This work proposes a new multi-objective algorithm inspired from the navigation of grass hopper swarms in nature. A mathematical model is first employed to model the interaction of individuals in the swam including attraction force, repulsion force, and comfort zone. A mechanism is then proposed to use the model in approximating the global optimum in a single-objective search space. Afterwards, an archive and target selection technique are integrated to the algorithm to estimate the Pareto optimal front for multi-objective problems. To benchmark the performance of the algorithm proposed, a set of diverse standard multi-objective test problems is utilized.

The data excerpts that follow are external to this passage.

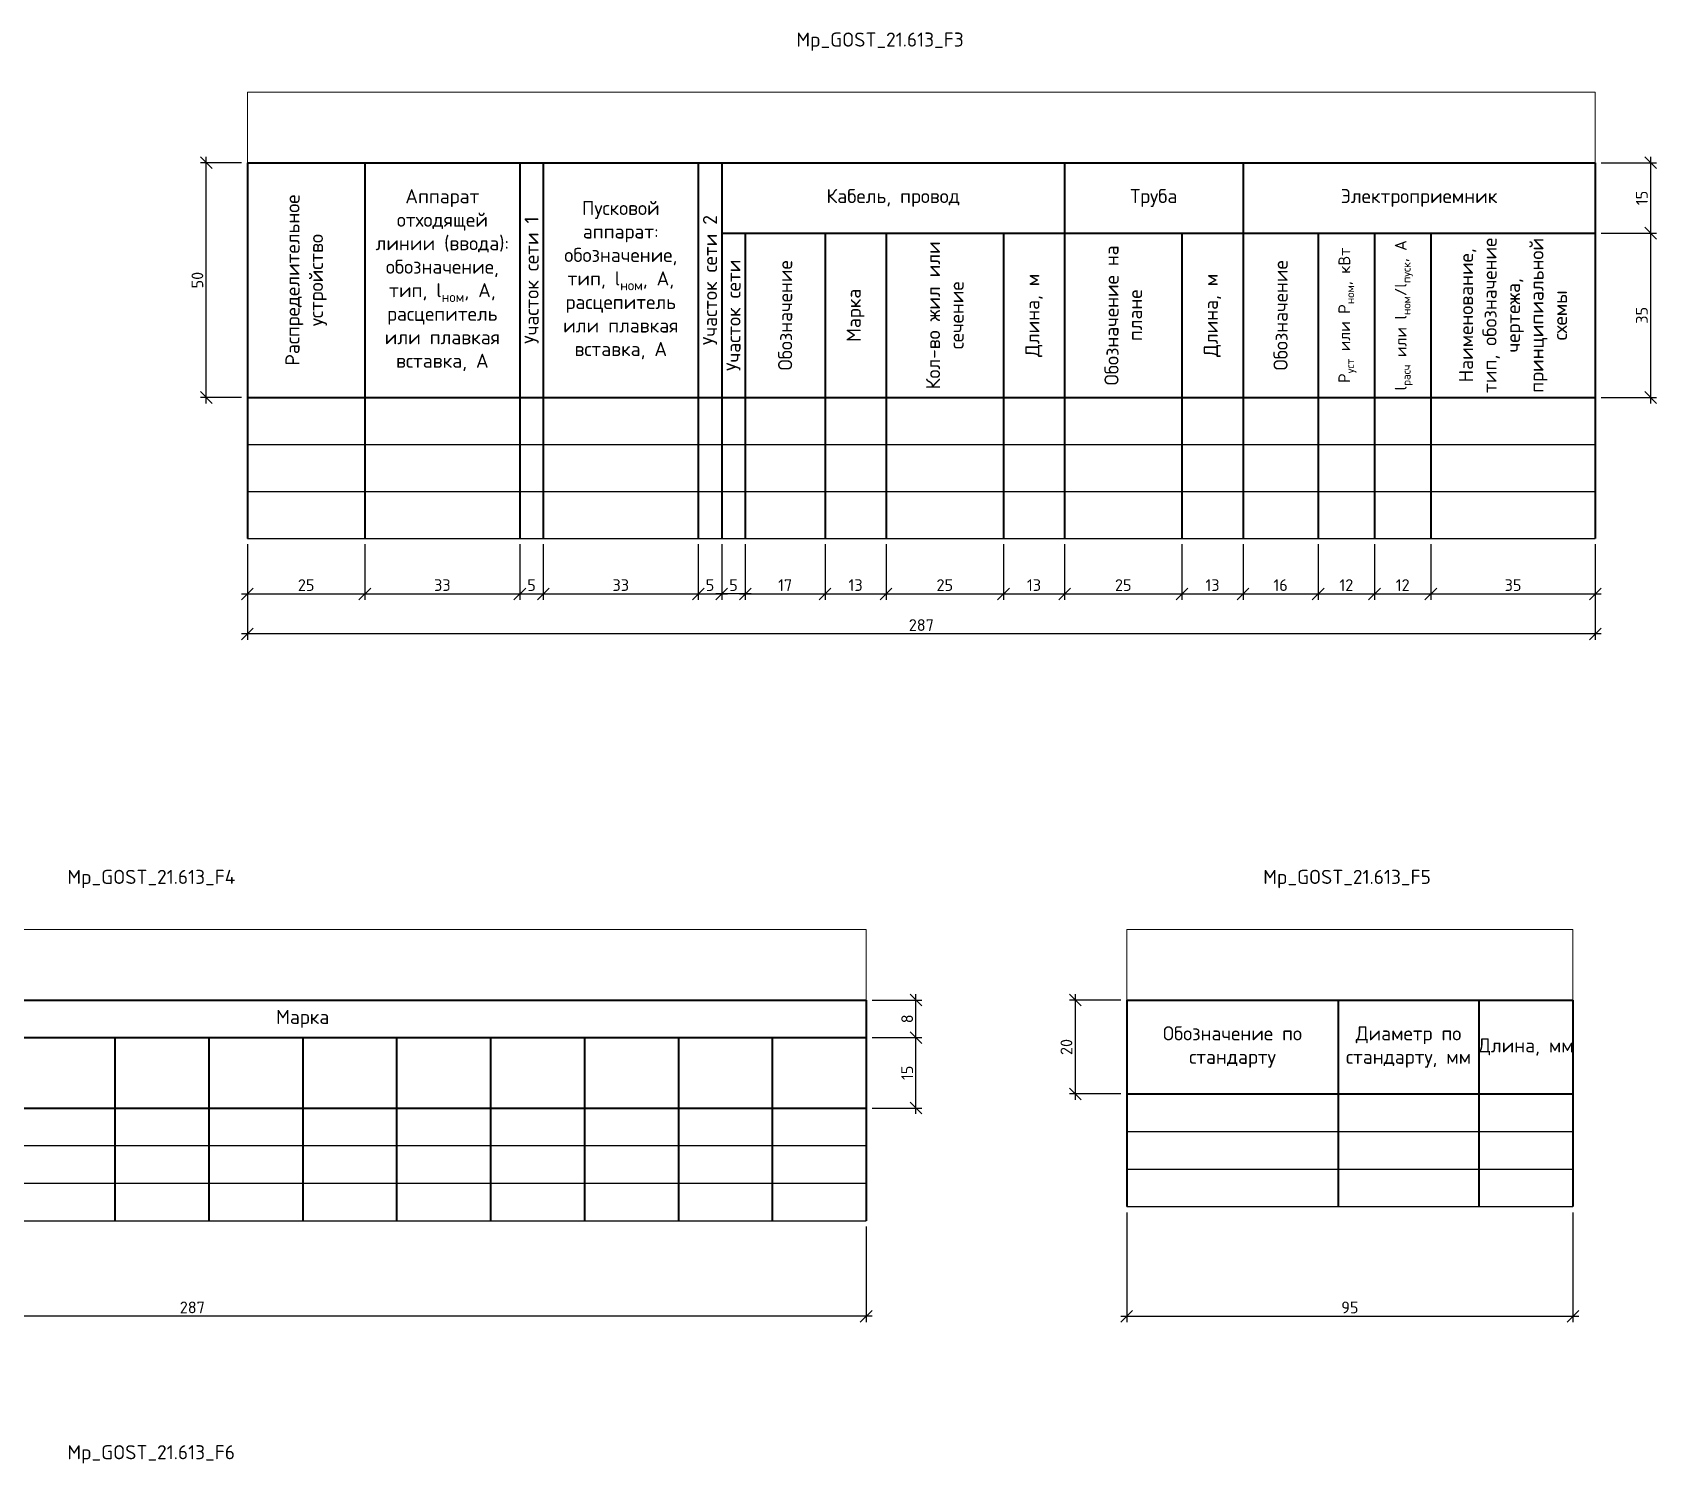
# Model space of a CAD drawing. Header units: millimetres. Extents: x 1497 to 8154, y -1970 to 1505.
# Drawn here: x 6895.7 to 7241.5, y 800.2 to 1105 of the extents above; entities that cross this region are included whole.
import ezdxf

# ---------------------------------------------------------------- set-up
doc = ezdxf.new("R2010")
doc.units = ezdxf.units.MM
doc.styles.add('MpTextStyle', font='isocpeur.ttf')
doc.dimstyles.new('MpDimStyle', dxfattribs={"dimtxt": 2.5, "dimasz": 2.5, "dimexe": 1.25, "dimexo": 1.25, "dimtad": 1, "dimdec": 0, "dimdsep": 46, "dimtxsty": 'MpTextStyle', "dimblk": 'OBLIQUE', "dimcen": 2.5, "dimdle": 1.25, "dimadec": 0, "dimazin": 0, "dimtfac": 1, "dimtdec": 0, "dimtix": 1, "dimtmove": 2, "dimatfit": 3, "dimfxl": 1, "dimarcsym": 0})

# ---------------------------------------------------------------- blocks, each defined once
blk = doc.blocks.new('_Oblique')
at = {"color": 0, "linetype": 'ByBlock', "lineweight": -2}
blk.add_line((-0.5, -0.5), (0.5, 0.5), dxfattribs=at)
blk = doc.blocks.new('*D200')
at = {"color": 0, "lineweight": -2, "transparency": 16777216}
for p, q in [((6940.2, 1077.26), (6931.42, 1077.26)), ((6932.67, 1026.01), (6932.67, 1078.51)), ((6940.2, 1027.26), (6931.42, 1027.26))]:
    blk.add_line(p, q, dxfattribs=at)
at = {"layer": 'Defpoints', "color": 0, "transparency": 16777216}
for p in [(6932.67, 1077.26), (6941.45, 1077.26), (6941.45, 1027.26)]:
    blk.add_point(p, dxfattribs=at)
at = {"color": 0, "lineweight": -2, "transparency": 16777216, "xscale": 2.5, "yscale": 2.5, "zscale": 2.5}
for p, rotation in [((6932.67, 1077.26), 90), ((6932.67, 1027.26), 270)]:
    blk.add_blockref('_Oblique', p, dxfattribs=dict(at, rotation=rotation))
at = {"color": 0, "transparency": 16777216, "insert": (6930.79, 1052.26), "char_height": 2.5, "attachment_point": 5, "rotation": 90, "style": 'MpTextStyle'}
blk.add_mtext('50', dxfattribs=at)
blk = doc.blocks.new('*D201')
at = {"color": 0, "lineweight": -2, "transparency": 16777216}
for p, q in [((6941.45, 996.01), (6941.45, 984.18)), ((6966.45, 996.01), (6966.45, 984.18)), ((6940.2, 985.43), (6967.7, 985.43))]:
    blk.add_line(p, q, dxfattribs=at)
at = {"layer": 'Defpoints', "color": 0, "transparency": 16777216}
for p in [(6941.45, 997.26), (6966.45, 997.26), (6966.45, 985.43)]:
    blk.add_point(p, dxfattribs=at)
at = {"color": 0, "lineweight": -2, "transparency": 16777216, "xscale": 2.5, "yscale": 2.5, "zscale": 2.5, "rotation": 180}
blk.add_blockref('_Oblique', (6941.45, 985.43), dxfattribs=at)
at = {"color": 0, "lineweight": -2, "transparency": 16777216, "xscale": 2.5, "yscale": 2.5, "zscale": 2.5}
blk.add_blockref('_Oblique', (6966.45, 985.43), dxfattribs=at)
at = {"color": 0, "transparency": 16777216, "insert": (6953.95, 987.31), "char_height": 2.5, "attachment_point": 5, "style": 'MpTextStyle'}
blk.add_mtext('25', dxfattribs=at)
blk = doc.blocks.new('*D202')
at = {"color": 0, "lineweight": -2, "transparency": 16777216}
for p, q in [((6966.45, 996.01), (6966.45, 984.18)), ((6999.45, 996.01), (6999.45, 984.18)), ((6965.2, 985.43), (7000.7, 985.43))]:
    blk.add_line(p, q, dxfattribs=at)
at = {"layer": 'Defpoints', "color": 0, "transparency": 16777216}
for p in [(6966.45, 997.26), (6999.45, 997.26), (6999.45, 985.43)]:
    blk.add_point(p, dxfattribs=at)
at = {"color": 0, "lineweight": -2, "transparency": 16777216, "xscale": 2.5, "yscale": 2.5, "zscale": 2.5, "rotation": 180}
blk.add_blockref('_Oblique', (6966.45, 985.43), dxfattribs=at)
at = {"color": 0, "lineweight": -2, "transparency": 16777216, "xscale": 2.5, "yscale": 2.5, "zscale": 2.5}
blk.add_blockref('_Oblique', (6999.45, 985.43), dxfattribs=at)
at = {"color": 0, "transparency": 16777216, "insert": (6982.95, 987.31), "char_height": 2.5, "attachment_point": 5, "style": 'MpTextStyle'}
blk.add_mtext('33', dxfattribs=at)
blk = doc.blocks.new('*D203')
at = {"color": 0, "lineweight": -2, "transparency": 16777216}
for p, q in [((6999.45, 996.01), (6999.45, 984.18)), ((7004.45, 996.01), (7004.45, 984.18)), ((6998.2, 985.43), (7005.7, 985.43))]:
    blk.add_line(p, q, dxfattribs=at)
at = {"layer": 'Defpoints', "color": 0, "transparency": 16777216}
for p in [(6999.45, 997.26), (7004.45, 997.26), (7004.45, 985.43)]:
    blk.add_point(p, dxfattribs=at)
at = {"color": 0, "lineweight": -2, "transparency": 16777216, "xscale": 2.5, "yscale": 2.5, "zscale": 2.5, "rotation": 180}
blk.add_blockref('_Oblique', (6999.45, 985.43), dxfattribs=at)
at = {"color": 0, "lineweight": -2, "transparency": 16777216, "xscale": 2.5, "yscale": 2.5, "zscale": 2.5}
blk.add_blockref('_Oblique', (7004.45, 985.43), dxfattribs=at)
at = {"color": 0, "transparency": 16777216, "insert": (7001.95, 987.31), "char_height": 2.5, "attachment_point": 5, "style": 'MpTextStyle'}
blk.add_mtext('5', dxfattribs=at)
blk = doc.blocks.new('*D204')
at = {"color": 0, "lineweight": -2, "transparency": 16777216}
for p, q in [((7004.45, 996.01), (7004.45, 984.18)), ((7037.45, 996.01), (7037.45, 984.18)), ((7003.2, 985.43), (7038.7, 985.43))]:
    blk.add_line(p, q, dxfattribs=at)
at = {"layer": 'Defpoints', "color": 0, "transparency": 16777216}
for p in [(7004.45, 997.26), (7037.45, 997.26), (7037.45, 985.43)]:
    blk.add_point(p, dxfattribs=at)
at = {"color": 0, "lineweight": -2, "transparency": 16777216, "xscale": 2.5, "yscale": 2.5, "zscale": 2.5, "rotation": 180}
blk.add_blockref('_Oblique', (7004.45, 985.43), dxfattribs=at)
at = {"color": 0, "lineweight": -2, "transparency": 16777216, "xscale": 2.5, "yscale": 2.5, "zscale": 2.5}
blk.add_blockref('_Oblique', (7037.45, 985.43), dxfattribs=at)
at = {"color": 0, "transparency": 16777216, "insert": (7020.95, 987.31), "char_height": 2.5, "attachment_point": 5, "style": 'MpTextStyle'}
blk.add_mtext('33', dxfattribs=at)
blk = doc.blocks.new('*D205')
at = {"color": 0, "lineweight": -2, "transparency": 16777216}
for p, q in [((7037.45, 996.01), (7037.45, 984.18)), ((7042.45, 996.01), (7042.45, 984.18)), ((7036.2, 985.43), (7043.7, 985.43))]:
    blk.add_line(p, q, dxfattribs=at)
at = {"layer": 'Defpoints', "color": 0, "transparency": 16777216}
for p in [(7037.45, 997.26), (7042.45, 997.26), (7042.45, 985.43)]:
    blk.add_point(p, dxfattribs=at)
at = {"color": 0, "lineweight": -2, "transparency": 16777216, "xscale": 2.5, "yscale": 2.5, "zscale": 2.5, "rotation": 180}
blk.add_blockref('_Oblique', (7037.45, 985.43), dxfattribs=at)
at = {"color": 0, "lineweight": -2, "transparency": 16777216, "xscale": 2.5, "yscale": 2.5, "zscale": 2.5}
blk.add_blockref('_Oblique', (7042.45, 985.43), dxfattribs=at)
at = {"color": 0, "transparency": 16777216, "insert": (7039.95, 987.31), "char_height": 2.5, "attachment_point": 5, "style": 'MpTextStyle'}
blk.add_mtext('5', dxfattribs=at)
blk = doc.blocks.new('*D206')
at = {"color": 0, "lineweight": -2, "transparency": 16777216}
for p, q in [((7042.45, 996.01), (7042.45, 984.18)), ((7047.45, 996.01), (7047.45, 984.18)), ((7048.7, 985.43), (7041.2, 985.43))]:
    blk.add_line(p, q, dxfattribs=at)
at = {"layer": 'Defpoints', "color": 0, "transparency": 16777216}
for p in [(7042.45, 997.26), (7047.45, 997.26), (7042.45, 985.43)]:
    blk.add_point(p, dxfattribs=at)
at = {"color": 0, "lineweight": -2, "transparency": 16777216, "xscale": 2.5, "yscale": 2.5, "zscale": 2.5, "rotation": 180}
blk.add_blockref('_Oblique', (7042.45, 985.43), dxfattribs=at)
at = {"color": 0, "lineweight": -2, "transparency": 16777216, "xscale": 2.5, "yscale": 2.5, "zscale": 2.5}
blk.add_blockref('_Oblique', (7047.45, 985.43), dxfattribs=at)
at = {"color": 0, "transparency": 16777216, "insert": (7044.95, 987.31), "char_height": 2.5, "attachment_point": 5, "style": 'MpTextStyle'}
blk.add_mtext('5', dxfattribs=at)
blk = doc.blocks.new('*D207')
at = {"color": 0, "lineweight": -2, "transparency": 16777216}
for p, q in [((7047.45, 996.01), (7047.45, 984.18)), ((7064.45, 996.01), (7064.45, 984.18)), ((7046.2, 985.43), (7065.7, 985.43))]:
    blk.add_line(p, q, dxfattribs=at)
at = {"layer": 'Defpoints', "color": 0, "transparency": 16777216}
for p in [(7047.45, 997.26), (7064.45, 997.26), (7064.45, 985.43)]:
    blk.add_point(p, dxfattribs=at)
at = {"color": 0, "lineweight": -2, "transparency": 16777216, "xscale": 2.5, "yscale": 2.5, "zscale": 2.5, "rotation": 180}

The results are compared with the most well-regarded and recent algorithms in the literature of evolutionary multi-objective optimization using three performance indicators quantitatively and graphs qualitatively. The results show that the proposed algorithm is able to provide very competitive results in terms of accuracy of obtained Pareto optimal solutions and their distribution.
机译:这项工作提出了一种新的多目标算法,其自然界中的草船群导航启发。首先采用数学模型来模拟游泳池中的个体的相互作用,包括吸引力,排斥力和舒适区。然后提出一种机制来使用模型在单个客观搜索空间中近似全局最优。之后,归档和目标选择技术被集成到算法以估计帕累托最佳前端以进行多目标问题。为了基准提出的算法的性能,利用了一组不同的标准多目标测试问题。将结果与使用三种性能指示器定量和图形的进化多目标优化文献中最常见的多目标优化文献中的最新算法进行了比较。结果表明,该算法能够在获得Pareto最佳解决方案的准确性和其分布方面提供非常竞争力的结果。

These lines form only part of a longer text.